Seguía leyendo, o, si estaba en la calle, empezaba a prestar atención a todo lo que había a su alrededor: colores, personas, sonidos, sobre todo sonidos, de sus pasos, de las páginas que pasaba, de los coches, de los fragmentos de conversación, y el pensamiento incómodo acababa desapareciendo. Si volvía cinco minutos después, ella repetía el proceso, hasta que esos recuerdos, al ser aceptados pero amablemente rechazados, se apartaban por un tiempo considerable.
Uno de esos «pensamientos negativos» era la posibilidad de no volver a verlo. Con un poco de práctica y mucha paciencia, consiguió convertirlo en un «pensamiento positivo»: cuando se fuese, Géneve sería el rostro de un hombre con pelo muy largo y pasado de moda, sonrisa infantil, voz grave. Si alguien le preguntara, muchos años después, cómo era el lugar que había conocido en su juventud, María podría responder: «Bonito, capaz de amar y de ser amado».
Del diario de María, en un día de poco movimiento en el Copacabana:
De tanto convivir con las personas que vienen aquí, llego a la conclusión de que el sexo ha sido utilizado como cualquier otra droga: para huir de la realidad, para olvidar los problemas, para relajarse. Y, como todas las drogas, es una práctica nociva y destructiva. Si una persona quiere drogarse, ya sea con sexo o con cualquier otra cosa, es problema suyo; las consecuencias de sus actos serán mejores o peores de acuerdo con aquello que ella ha escogido para sí misma. Pero si hablamos de avanzar en la vida, tenemos que entender que lo que es «bueno» es muy diferente de lo que es «mejor».
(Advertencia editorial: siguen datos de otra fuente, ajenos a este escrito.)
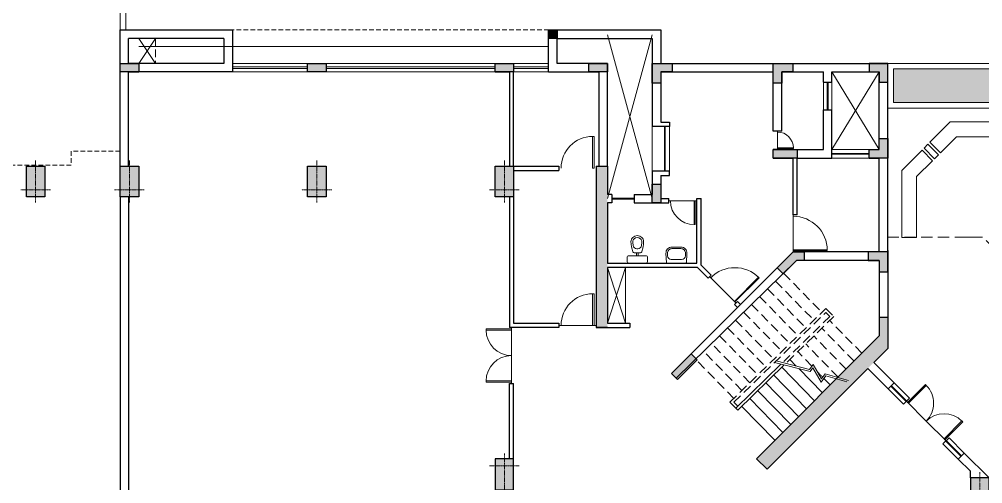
# Model space of a CAD drawing. Header units: inches. Extents: x 5542223 to 12533222, y 497239 to 5189502.
# Drawn here: x 6810477 to 6836328, y 2167397 to 2179859 of the extents above; entities that cross this region are included whole.
import ezdxf

# ---------------------------------------------------------------- set-up
doc = ezdxf.new("R2010")
doc.units = ezdxf.units.IN
doc.header["$MEASUREMENT"] = 0
for name, pattern in [('CENTER2', [1.125, 0.75, -0.125, 0.125, -0.125]), ('HIDDEN', [0.375, 0.25, -0.125]), ('HIDDENX2', [0.75, 0.5, -0.25])]:
    doc.linetypes.add(name, pattern=pattern)
doc.layers.get('0').update_dxf_attribs({"color": 1})
for name, color, linetype, lineweight in [('CILL', 7, 'Continuous', 20), ('col', 7, 'Continuous', 30), ('DOOR', 7, 'Continuous', 9), ('ELE', 7, 'Continuous', 13), ('grid', 7, 'CENTER2', 9), ('hatch_col', 8, 'Continuous', 5), ('HosGreenHatch', 7, 'Continuous', 5), ('HosRamp', 7, 'Continuous', 13), ('HosSteps', 7, 'Continuous', 13), ('LS PAVMNT', 8, 'Continuous', 5), ('PROJECTION', 7, 'HIDDEN', 18), ('railing', 253, 'Continuous', 15), ('RAILING_ABOVE', 7, 'HIDDENX2', 18), ('Road', 7, 'Continuous', 15), ('STAIR', 253, 'Continuous', 5), ('STAIRS_ABOVE', 7, 'HIDDENX2', 18), ('terrha', 250, 'Continuous', 9), ('TOIFIT', 7, 'Continuous', 13), ('WALL', 7, 'Continuous', 30), ('wall_ele', 7, 'Continuous', 18), ('WIN', 7, 'Continuous', 20)]:
    doc.layers.add(name, color=color, linetype=linetype, lineweight=lineweight)
doc.styles.add('style1', font='ROMANS.SHX', dxfattribs={"width": 0.75, "height": 750})
doc.dimstyles.new('nuts', dxfattribs={"dimscale": 0, "dimtxt": 300, "dimasz": 250, "dimexe": 100, "dimexo": 50, "dimgap": 100, "dimtad": 1, "dimdec": 0, "dimzin": 0, "dimdsep": 46, "dimtxsty": 'style1', "dimblk": 'OBLIQUE', "dimcen": 250, "dimdle": 100, "dimclrd": 256, "dimclre": 256, "dimclrt": 256, "dimadec": 0, "dimazin": 0, "dimtfac": 1, "dimtdec": 0, "dimtmove": 2, "dimatfit": 3, "dimldrblk": 'OBLIQUE', "dimfxl": 1, "dimlwd": -1, "dimlwe": -1, "dimarcsym": 0})
pattern_1 = [(90, (-2274895.06, -572081.5), (-56.5685425, 56.5685425), [15, -98.137085]), (45, (-2274895.06, -572081.5), (-56.5685425, 56.5685425), [15, -65]), (135, (-2274895.06, -572081.5), (-56.5685425, -56.5685425), [15, -65])]

# ---------------------------------------------------------------- blocks, each defined once
blk = doc.blocks.new('colum')
at = {"layer": 'hatch_col'}
blk.add_hatch(color=256, dxfattribs=at).paths.add_polyline_path([(250, 185), (-250, 185), (-250, -640), (250, -640)])
at = {"layer": 'col'}
blk.add_lwpolyline([(-250, -640), (250, -640), (250, 185), (-250, 185)], close=True, dxfattribs=at)
at = {"layer": 'grid'}
for p, q in [((0, 335), (0, -790)), ((-400, 0), (400, 0))]:
    blk.add_line(p, q, dxfattribs=at)
blk = doc.blocks.new('door-left')
at = {"layer": 'DOOR'}
blk.add_lwpolyline([(-0.402, 0.85), (-0.444, 0.85), (-0.444, 0), (-0.402, 0)], close=True, dxfattribs=at)
blk.add_arc((-0.406, 0), 0.85, 0, 90, dxfattribs=at)
blk = doc.blocks.new('WB-58X43')
for p, q in [((-282, 263), (-271, 19)), ((-242, 264), (-239, 195)), ((-122, 430), (122, 430)), ((-122, 390), (122, 390)), ((239, 195), (242, 264)), ((271, 19), (282, 263)), ((-251, 0), (251, 0)), ((-139, 100), (139, 100))]:
    blk.add_line(p, q)
for centre, radius, start, end in [((-122, 270), 160, 90, 182.663), ((-122, 270), 120, 90, 182.663), ((122, 270), 160, 357.337, 90), ((122, 270), 120, 357.337, 90), ((-251, 20), 20, 182.663, 270), ((-139, 200), 100, 182.663, 270), ((139, 200), 100, 270, 357.337), ((251, 20), 20, 270, 357.337)]:
    blk.add_arc(centre, radius, start, end)
blk = doc.blocks.new('WC')
for p, q in [((50, 275), (150, 275)), ((0, -225), (0, 225)), ((200, -225), (200, 225)), ((200, 20), (278, 20)), ((278, -83), (278, 83)), ((388, -14), (388, 14)), ((200, -20), (278, -20)), ((50, -275), (150, -275))]:
    blk.add_line(p, q)
for centre, radius, start, end in [((50, 225), 50, 90, 180), ((150, 225), 50, 0, 90), ((318, 83), 40, 110.57, 180), ((578, -610), 780, 90, 110.57), ((488, 14), 100, 98.2132, 180), ((578, -610), 730, 90, 98.2132), ((578, 19), 151, 41.4237, 90), ((578, 19), 101, 41.4237, 90), ((570, 0), 120, 315.6019, 44.3981), ((570, 0), 170, 315.6019, 44.3981), ((50, -225), 50, 180, 270), ((150, -225), 50, 270, 360), ((318, -83), 40, 180, 249.43), ((578, 610), 780, 249.43, 270), ((488, -14), 100, 180, 261.7868), ((578, 610), 730, 261.7868, 270), ((578, -19), 101, 270, 318.5763), ((578, -19), 151, 270, 318.5763)]:
    blk.add_arc(centre, radius, start, end)
blk = doc.blocks.new('Door')
for p, q in [((0, 0.458), (0, 0.444)), ((0, 0.458), (0.917, 0.458)), ((0, 0.444), (0.917, 0.444))]:
    blk.add_line(p, q)
blk.add_arc((0, 0.458), 0.917, 270, 360)
blk = doc.blocks.new('GHosEdge')
at = {"layer": 'hatch_col'}
h = blk.add_hatch(color=256, dxfattribs=at)
h.paths.add_polyline_path([(-1343, -12731), (-1626, -13014), (1452, -16092), (1735, -15809)])
h.paths.add_polyline_path([(-1789, -12851), (-1707, -12932), (-1626, -13014), (-1343, -12731), (-1506, -12568)])
for points in [[(-3380, -15503), (-3910, -14972), (-4073, -15135), (-3542, -15665)], [(-509, -18168), (-714, -18168), (-1071, -17812), (-1233, -17974), (-809, -18398), (-509, -18398)], [(1505, -18168), (1205, -18168), (1205, -18398), (1735, -18398), (1735, -17868), (1505, -17868)], [(-4355, -19713), (-4585, -19713), (-4585, -20213), (-4355, -20213)], [(-1340, -20913), (-1340, -21143), (-694, -21143), (-694, -20913)], [(1735, -20913), (1235, -20913), (1235, -21143), (1505, -21143), (1505, -21443), (1735, -21443)], [(-4355, -23228), (-4355, -22928), (-4585, -22928), (-4585, -23458), (-4055, -23458), (-4055, -23228)], [(-1110, -23228), (-1110, -22928), (-1340, -22928), (-1340, -23458), (-810, -23458), (-810, -23228)], [(1505, -23228), (1235, -23228), (1235, -23458), (1735, -23458), (1735, -22958), (1505, -22958), (1505, -23228)], [(-18865, -23228), (-18865, -23458), (-18365, -23458), (-18365, -23228)], [(-13835, -23228), (-13835, -23458), (-13335, -23458), (-13335, -23228)], [(-8805, -23228), (-8805, -23458), (-8305, -23458), (-8305, -23228)], [(-6290, -23228), (-6290, -23458), (-5790, -23458), (-5790, -23228)], [(-7140, -24128), (-7370, -24128), (-7370, -24358), (-7140, -24358)]]:
    blk.add_hatch(color=256, dxfattribs=at).paths.add_polyline_path(points)
h = blk.add_hatch(color=256, dxfattribs=at)
h.paths.add_polyline_path([(1735, -16092), (1620, -15977), (1620, -16636), (1735, -16636)])
h.paths.add_polyline_path([(1620, -15977), (1594, -15950), (1452, -16092), (1505, -16145), (1505, -16636), (1620, -16636)])
h.paths.add_polyline_path([(1735, -15809), (1620, -15924), (1620, -15977), (1735, -16092)])
h.paths.add_polyline_path([(1620, -15924), (1594, -15950), (1620, -15977)])
h = blk.add_hatch(color=256, dxfattribs=at)
h.paths.add_polyline_path([(-5790, -16368), (-6090, -16368), (-6090, -16598), (-5790, -16598)])
h.paths.add_polyline_path([(-5790, -16598), (-6090, -16598), (-6090, -17193), (-5790, -17193)])
h = blk.add_hatch(color=256, dxfattribs=at)
h.paths.add_polyline_path([(-5790, -17193), (-5975, -17193), (-5975, -19878), (-5790, -19878), (-5790, -19828)])
h.paths.add_polyline_path([(-5975, -17193), (-6090, -17193), (-6090, -19878), (-5975, -19878)])
h = blk.add_hatch(color=256, dxfattribs=at)
h.paths.add_polyline_path([(-6090, -20178), (-5790, -20178), (-5790, -19878), (-6090, -19878)])
h.paths.add_polyline_path([(-5790, -20178), (-6090, -20178), (-6090, -20703), (-5790, -20703)])
at = {"layer": 'CILL', "ltscale": 50}
for p, q in [((1742, -14722), (2154, -14310)), ((1906, -14883), (2316, -14472)), ((2154, -14310), (2316, -14472))]:
    blk.add_line(p, q, dxfattribs=at)
at = {"layer": 'col'}
for p, q in [((-5790, -16368), (-6090, -16368)), ((-6090, -20703), (-5790, -20703))]:
    blk.add_line(p, q, dxfattribs=at)
at = {"layer": 'col', "ltscale": 3}
blk.add_line((1735, -16636), (1505, -16636), dxfattribs=at)
at = {"layer": 'col'}
for points in [[(-3380, -15503), (-3910, -14972), (-4073, -15135), (-3542, -15665)], [(-809, -18398), (-509, -18398), (-509, -18168), (-714, -18168), (-1071, -17812), (-1233, -17974)], [(1205, -18168), (1505, -18168), (1505, -17868), (1735, -17868), (1735, -18398), (1205, -18398)], [(-4585, -20213), (-4355, -20213), (-4355, -19713), (-4585, -19713)], [(-694, -20913), (-1340, -20913), (-1340, -21143), (-694, -21143)], [(1235, -21143), (1505, -21143), (1505, -21443), (1735, -21443), (1735, -20913), (1235, -20913)], [(-4055, -23228), (-4355, -23228), (-4355, -22928), (-4585, -22928), (-4585, -23458), (-4055, -23458)], [(-810, -23228), (-1110, -23228), (-1110, -22928), (-1340, -22928), (-1340, -23458), (-810, -23458)], [(1235, -23228), (1505, -23228), (1505, -22958), (1735, -22958), (1735, -23458), (1235, -23458)], [(-18365, -23458), (-18365, -23228), (-18865, -23228), (-18865, -23458)], [(-13335, -23458), (-13335, -23228), (-13835, -23228), (-13835, -23458)], [(-8305, -23458), (-8305, -23228), (-8805, -23228), (-8805, -23458)], [(-5790, -23458), (-5790, -23228), (-6290, -23228), (-6290, -23458)], [(-7370, -24358), (-7140, -24358), (-7140, -24128), (-7370, -24128)]]:
    blk.add_lwpolyline(points, close=True, dxfattribs=at)
at = {"layer": 'col', "ltscale": 3}
blk.add_lwpolyline([(1735, -16636), (1505, -16636)], dxfattribs=at)
at = {"layer": 'DOOR', "ltscale": 50}
for p, q in [((3296, -13330), (2765, -13861)), ((2765, -13861), (2235, -14391)), ((-4140, -19771), (-3390, -19771))]:
    blk.add_line(p, q, dxfattribs=at)
at = {"layer": 'DOOR'}
for p, q in [((-8362, -16368), (-8362, -14868)), ((-7090, -16426), (-6090, -16426)), ((-3048, -17736), (-2341, -17029))]:
    blk.add_line(p, q, dxfattribs=at)
at = {"layer": 'DOOR', "ltscale": 1000}
blk.add_line((-809, -19398), (-809, -18398), dxfattribs=at)
at = {"layer": 'ELE', "linetype": 'HIDDENX2', "ltscale": 400}
blk.add_line((-17915, -24128), (-17915, -23458), dxfattribs=at)
at = {"layer": 'PROJECTION', "ltscale": 1200}
blk.add_lwpolyline([(7786, -13825), (7786, -15330), (4279, -18791), (1735, -18791)], dxfattribs=at)
at = {"layer": 'PROJECTION', "ltscale": 500}
for points in [[(-18865, -21103), (-20180, -21103), (-20180, -20728), (-22080, -20728), (-22080, -21103), (-23895, -21103), (-23895, -20728)], [(-18365, -24358), (-6290, -24358)]]:
    blk.add_lwpolyline(points, dxfattribs=at)
at = {"layer": 'railing'}
blk.add_line((-2345, -14204), (-2292, -14151), dxfattribs=at)
at = {"layer": 'railing', "ltscale": 400}
for p, q in [((-17915, -24128), (-18365, -23458)), ((-18365, -24128), (-17915, -23458))]:
    blk.add_line(p, q, dxfattribs=at)
at = {"layer": 'railing'}
for points in [[(-1133, -15388), (-2345, -14204)], [(-1048, -15367), (-2292, -14151)]]:
    blk.add_lwpolyline(points, dxfattribs=at)
at = {"layer": 'RAILING_ABOVE', "ltscale": 500}
for points in [[(-2345, -14204), (-2345, -14204), (-2502, -14365), (73, -16882), (282, -16667), (-1006, -15407)], [(-2291, -14257), (-2396, -14364), (71, -16775), (176, -16668), (-1059, -15461)]]:
    blk.add_lwpolyline(points, dxfattribs=at)
at = {"layer": 'STAIR', "ltscale": 5}
for p, q in [((-1295, -13345), (-2185, -14255)), ((-1083, -13557), (-1970, -14465)), ((-870, -13769), (-1756, -14675)), ((-658, -13981), (-1541, -14885)), ((-446, -14193), (-1327, -15094)), ((-234, -14406), (-1112, -15304)), ((-22, -14618), (-656, -15267)), ((190, -14830), (21, -15003))]:
    blk.add_line(p, q, dxfattribs=at)
at = {"layer": 'STAIR', "ltscale": 3}
blk.add_line((3786, -18791), (4279, -18791), dxfattribs=at)
at = {"layer": 'STAIR'}
for points in [[(635, -14914), (73, -15072), (-50, -14908), (-278, -15286), (-351, -15189), (-1303, -15432)], [(675, -14953), (53, -15129), (-45, -14998), (-273, -15376), (-371, -15245), (-1262, -15473)]]:
    blk.add_lwpolyline(points, dxfattribs=at)
at = {"layer": 'STAIRS_ABOVE', "ltscale": 500}
for p, q in [((-2395, -14470), (-3422, -15521)), ((-2180, -14680), (-3208, -15731)), ((-1966, -14889), (-2993, -15940)), ((-2778, -16150), (-1751, -15099)), ((402, -15042), (-469, -15933)), ((-2564, -16360), (-1536, -15309)), ((-723, -15335), (-898, -15514)), ((-304, -15335), (-683, -15723)), ((615, -15254), (-254, -16143)), ((827, -15466), (-40, -16352)), ((-2349, -16570), (-1322, -15518)), ((-2135, -16779), (-1107, -15728)), ((1039, -15678), (175, -16562)), ((-1920, -16989), (-893, -15938)), ((-1706, -17199), (-678, -16148)), ((-1491, -17408), (-464, -16357)), ((-1277, -17618), (-249, -16567)), ((-1062, -17828), (-35, -16777))]:
    blk.add_line(p, q, dxfattribs=at)
at = {"layer": 'STAIRS_ABOVE', "ltscale": 5}
blk.add_line((-14, -15039), (-159, -15188), dxfattribs=at)
at = {"layer": 'terrha', "ltscale": 3}
for p, q in [((-4585, -24228), (-5790, -19828)), ((-5790, -24228), (-4585, -19828)), ((235, -23228), (1505, -21143)), ((1505, -23228), (235, -21143))]:
    blk.add_line(p, q, dxfattribs=at)
at = {"layer": 'WALL'}
for p, q in [((4450, -12339), (3787, -13001)), ((3950, -12339), (3950, -12514)), ((-1506, -12568), (-1789, -12851)), ((3950, -12514), (3625, -12839)), ((-8420, -12844), (-8420, -14868)), ((-8305, -12844), (-8305, -14868)), ((3787, -13001), (3625, -12839)), ((1199, -15273), (1742, -14721)), ((1906, -14883), (1742, -14721)), ((1357, -15431), (1906, -14883)), ((-3946, -15009), (-4073, -15135)), ((1735, -18439), (1735, -15809)), ((1505, -18168), (1505, -16145)), ((-8420, -19878), (-8420, -16368)), ((-7090, -16368), (-8420, -16368)), ((-8305, -19878), (-8305, -16483)), ((-8305, -16483), (-7090, -16483)), ((-6090, -16368), (-5190, -16368)), ((-6090, -18098), (-6090, -16368)), ((-5790, -16483), (-5190, -16483)), ((-5790, -17983), (-5790, -16483)), ((-5190, -16483), (-5190, -16368)), ((-3376, -17983), (-5790, -17983)), ((-6090, -20703), (-6090, -18098)), ((-5790, -19713), (-5790, -18098)), ((-3390, -18098), (-3390, -19828)), ((1505, -18168), (-714, -18168)), ((1505, -18398), (-809, -18398)), ((-809, -19398), (-809, -20913)), ((-694, -19398), (-809, -19398)), ((-694, -19398), (-694, -20913)), ((-5675, -19713), (-5790, -19713)), ((-5675, -19943), (-5675, -19713)), ((-5075, -19943), (-5075, -19713)), ((-4140, -19713), (-4140, -19828)), ((-3390, -19828), (-3275, -19828)), ((-5675, -19943), (-5790, -19943)), ((-5790, -20703), (-5790, -19943)), ((-6090, -20703), (-6090, -20178)), ((-8305, -20588), (-7090, -20588)), ((-8305, -20703), (-8305, -23228)), ((-8305, -20703), (-7090, -20703)), ((-6090, -20703), (-5790, -20703))]:
    blk.add_line(p, q, dxfattribs=at)
at = {"layer": 'WALL', "ltscale": 3}
for p, q in [((1199, -15273), (-1506, -12568)), ((1505, -16145), (-1789, -12851)), ((-809, -18398), (-4073, -15135)), ((-714, -18168), (-3946, -15009)), ((1735, -15809), (1357, -15431)), ((-2300, -17070), (-2382, -16989)), ((-3007, -17777), (-3089, -17696)), ((-1110, -21143), (-1340, -21143)), ((-1110, -21643), (-1340, -21643))]:
    blk.add_line(p, q, dxfattribs=at)
at = {"layer": 'WALL', "ltscale": 0.1}
for p, q in [((-8420, -14868), (-8305, -14868)), ((-7090, -16483), (-7090, -16368)), ((-5190, -16483), (-5190, -16368)), ((-2382, -16989), (-2300, -16907)), ((-2300, -17070), (-2219, -16989)), ((-3376, -17983), (-3089, -17696)), ((-3275, -18045), (-3007, -17777)), ((-3275, -18045), (-3275, -19828)), ((1735, -18074), (1735, -23458)), ((-5790, -18098), (-3390, -18098)), ((1505, -18398), (1505, -20913)), ((-5075, -19713), (-4140, -19713)), ((-4355, -19828), (-4140, -19828)), ((-4355, -20448), (-4355, -19828)), ((-4190, -19713), (-4140, -19713)), ((-5075, -19943), (-4585, -19943)), ((-4585, -20563), (-4585, -19943)), ((-7090, -20703), (-7090, -20588)), ((-4125, -20563), (-4585, -20563)), ((-4355, -20448), (-4125, -20448)), ((-4125, -20448), (-4125, -20563)), ((-18865, -20702), (-18865, -23228)), ((-6020, -23228), (-6020, -20703)), ((-1340, -20913), (-1340, -21143)), ((-1340, -20913), (-809, -20913)), ((-694, -20913), (235, -20913)), ((235, -20913), (235, -22208)), ((1235, -20913), (1235, -21143)), ((1235, -20913), (1505, -20913)), ((-1110, -21143), (5, -21143)), ((5, -21143), (5, -22208)), ((1235, -21143), (1505, -21143)), ((1505, -21143), (1505, -23228)), ((-1340, -21643), (-1340, -22403)), ((-1110, -21643), (-1110, -22403)), ((-4585, -23458), (-4585, -21763)), ((-4355, -23228), (-4355, -21878)), ((5, -22208), (235, -22208)), ((-1340, -22403), (-1340, -23228)), ((-1110, -22403), (-1110, -23228)), ((5, -22958), (5, -23228)), ((5, -22958), (235, -22958)), ((235, -22958), (235, -23228)), ((-18865, -23228), (-18865, -24358)), ((-15850, -23228), (-18365, -23228)), ((-15850, -24358), (-15850, -23228)), ((-7370, -23228), (-6020, -23228)), ((-4355, -23228), (-1340, -23228)), ((-1110, -23228), (5, -23228)), ((235, -23228), (1505, -23228)), ((-16080, -23458), (-18635, -23458)), ((-18635, -23458), (-18635, -24128)), ((-16080, -24128), (-16080, -23458)), ((-4585, -23458), (1735, -23458)), ((-4355, -24358), (-4355, -23458)), ((-16080, -24128), (-18635, -24128)), ((-18865, -24358), (-15850, -24358))]:
    blk.add_line(p, q, dxfattribs=at)
for points in [[(-18865, -19878), (-18865, -11358)], [(-18635, -19879), (-18635, -11358)], [(-18635, -20702), (-18635, -23228), (-18365, -23228)], [(-5790, -20703), (-5790, -23458), (-7140, -23458), (-7140, -24128), (-4585, -24128), (-4585, -23458)], [(-4355, -21878), (-4125, -21878), (-4125, -21763), (-4585, -21763)], [(-7370, -23228), (-7370, -24358), (-4355, -24358)]]:
    blk.add_lwpolyline(points, dxfattribs=at)
at = {"layer": 'WALL'}
blk.add_lwpolyline([(-8805, -23228), (-8420, -23228), (-8420, -20703)], dxfattribs=at)
at = {"layer": 'wall_ele', "ltscale": 0.1}
blk.add_line((-5305, -16483), (-5305, -17983), dxfattribs=at)
at = {"layer": 'WIN', "ltscale": 0.1}
for p, q in [((3699, -12913), (3289, -13323)), ((3713, -12927), (3303, -13337)), ((2228, -14384), (1817, -14795)), ((2242, -14398), (1831, -14809)), ((-5675, -19818), (-5075, -19818)), ((-5675, -19838), (-5075, -19838)), ((-4585, -21763), (-4585, -20563)), ((-4256, -20563), (-4256, -21763)), ((-4236, -20563), (-4236, -21763)), ((-4125, -20563), (-4125, -21763)), ((235, -21018), (1235, -21018)), ((235, -21038), (1235, -21038)), ((110, -22208), (110, -22958)), ((130, -22208), (130, -22958)), ((-13835, -23228), (-15850, -23228)), ((-13335, -23228), (-8805, -23228)), ((-8305, -23228), (-7370, -23228)), ((-13835, -23323), (-15850, -23323)), ((-13835, -23363), (-15850, -23363)), ((-13835, -23458), (-15850, -23458)), ((-13335, -23323), (-8805, -23323)), ((-13335, -23363), (-8805, -23363)), ((-13335, -23458), (-8805, -23458)), ((-8305, -23323), (-7370, -23323)), ((-8305, -23363), (-7370, -23363)), ((-8305, -23458), (-7370, -23458)), ((-18365, -23908), (-7370, -23908))]:
    blk.add_line(p, q, dxfattribs=at)
at = {"layer": 'WIN', "ltscale": 50}
for p, q in [((-5790, -17983), (-5305, -16483)), ((-5790, -16483), (-5305, -17983)), ((235, -20913), (1235, -20913)), ((235, -21143), (1235, -21143)), ((5, -22208), (5, -22958)), ((235, -22958), (235, -22208))]:
    blk.add_line(p, q, dxfattribs=at)
at = {"layer": 'WIN'}
blk.add_line((-1225, -21143), (-1225, -21643), dxfattribs=at)
at = {"layer": 'WIN', "ltscale": 0.1}
for points in [[(3377, -13412), (3214, -13249), (3625, -12839)], [(3377, -13412), (3787, -13001)]]:
    blk.add_lwpolyline(points, dxfattribs=at)
at = {"layer": 'DOOR', "ltscale": 50, "yscale": 796.8750000344589, "zscale": 796.8750000343788}
for p, xscale, rotation in [((3016, -13610), 796.8750000337785, 225.0000000000237), ((2515, -14111), -796.8750000337781, 225.0000000000236)]:
    blk.add_blockref('door-left', p, dxfattribs=dict(at, xscale=xscale, rotation=rotation))
at = {"layer": 'DOOR', "yscale": 1000, "zscale": 1000}
for name, p, xscale, rotation in [('door-left', (-6590, -16426), 1000, 180), ('door-left', (-6590, -16426), 1000, 180), ('Door', (-2694, -17383), 1000.000000001301, 315.0000000000755), ('door-left', (-6590, -20646), 1000, 180)]:
    blk.add_blockref(name, p, dxfattribs=dict(at, xscale=xscale, rotation=rotation))
at = {"layer": 'DOOR', "ltscale": 1000, "xscale": 1000, "yscale": 1000, "zscale": 1000}
blk.add_blockref('Door', (-809, -18898), dxfattribs=at)
at = {"layer": 'DOOR', "ltscale": 50, "xscale": -750, "yscale": 750, "zscale": 750}
blk.add_blockref('door-left', (-3765, -19771), dxfattribs=at)
at = {"layer": 'grid', "ltscale": 750, "xscale": -1}
blk.add_blockref('colum', (4200, -11699), dxfattribs=at)
at = {"layer": 'grid', "ltscale": 750, "xscale": -1, "rotation": 180}
blk.add_blockref('colum', (-8555, -12659), dxfattribs=at)
at = {"layer": 'grid', "yscale": 804.3749999906868, "zscale": 804.3749999906358, "rotation": 90}
for p, xscale in [((-8362, -15261), -804.3749999906868), ((-8362, -15976), 804.3749999906868)]:
    blk.add_blockref('door-left', p, dxfattribs=dict(at, xscale=xscale))
at = {"layer": 'grid', "ltscale": 750}
for p in [(-21130, -20063), (-21130, -20063), (-18615, -20063), (-13585, -20063), (-8555, -20063)]:
    blk.add_blockref('colum', p, dxfattribs=at)
at = {"layer": 'TOIFIT', "xscale": -1, "rotation": 90}
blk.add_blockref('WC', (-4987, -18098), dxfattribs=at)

Al contrario de lo que mis clientes piensan, el sexo no puede ser practicado a cualquier hora. Hay un reloj escondido en cada uno de nosotros, y para hacer el amor las manecillas de ambas personas tienen que marcar la misma hora al mismo tiempo. Eso no sucede todos los días. Aquel que ama no depende del acto sexual para sentirse bien. Dos personas que están juntas, y que se quieren, tienen que sincronizar sus manecillas, con paciencia y perseverancia, con juegos y representaciones «teatrales», hasta entender que hacer el amor es mucho más que un encuentro: es un «abrazo» de las partes genitales. Todo tiene importancia. Una persona que vive intensamente su vida goza todo el tiempo y no echa de menos el sexo. Cuando practica el sexo, es por abundancia, porque el vaso de vino está tan lleno que desborda naturalmente, porque es absolutamente inevitable, porque acepta la llamada de la vida, porque en ese momento, sólo en ese momento, consigue perder el control.
P. D. Acabo de releer lo que he escrito: ¡Dios mío, me estoy volviendo demasiado intelectual!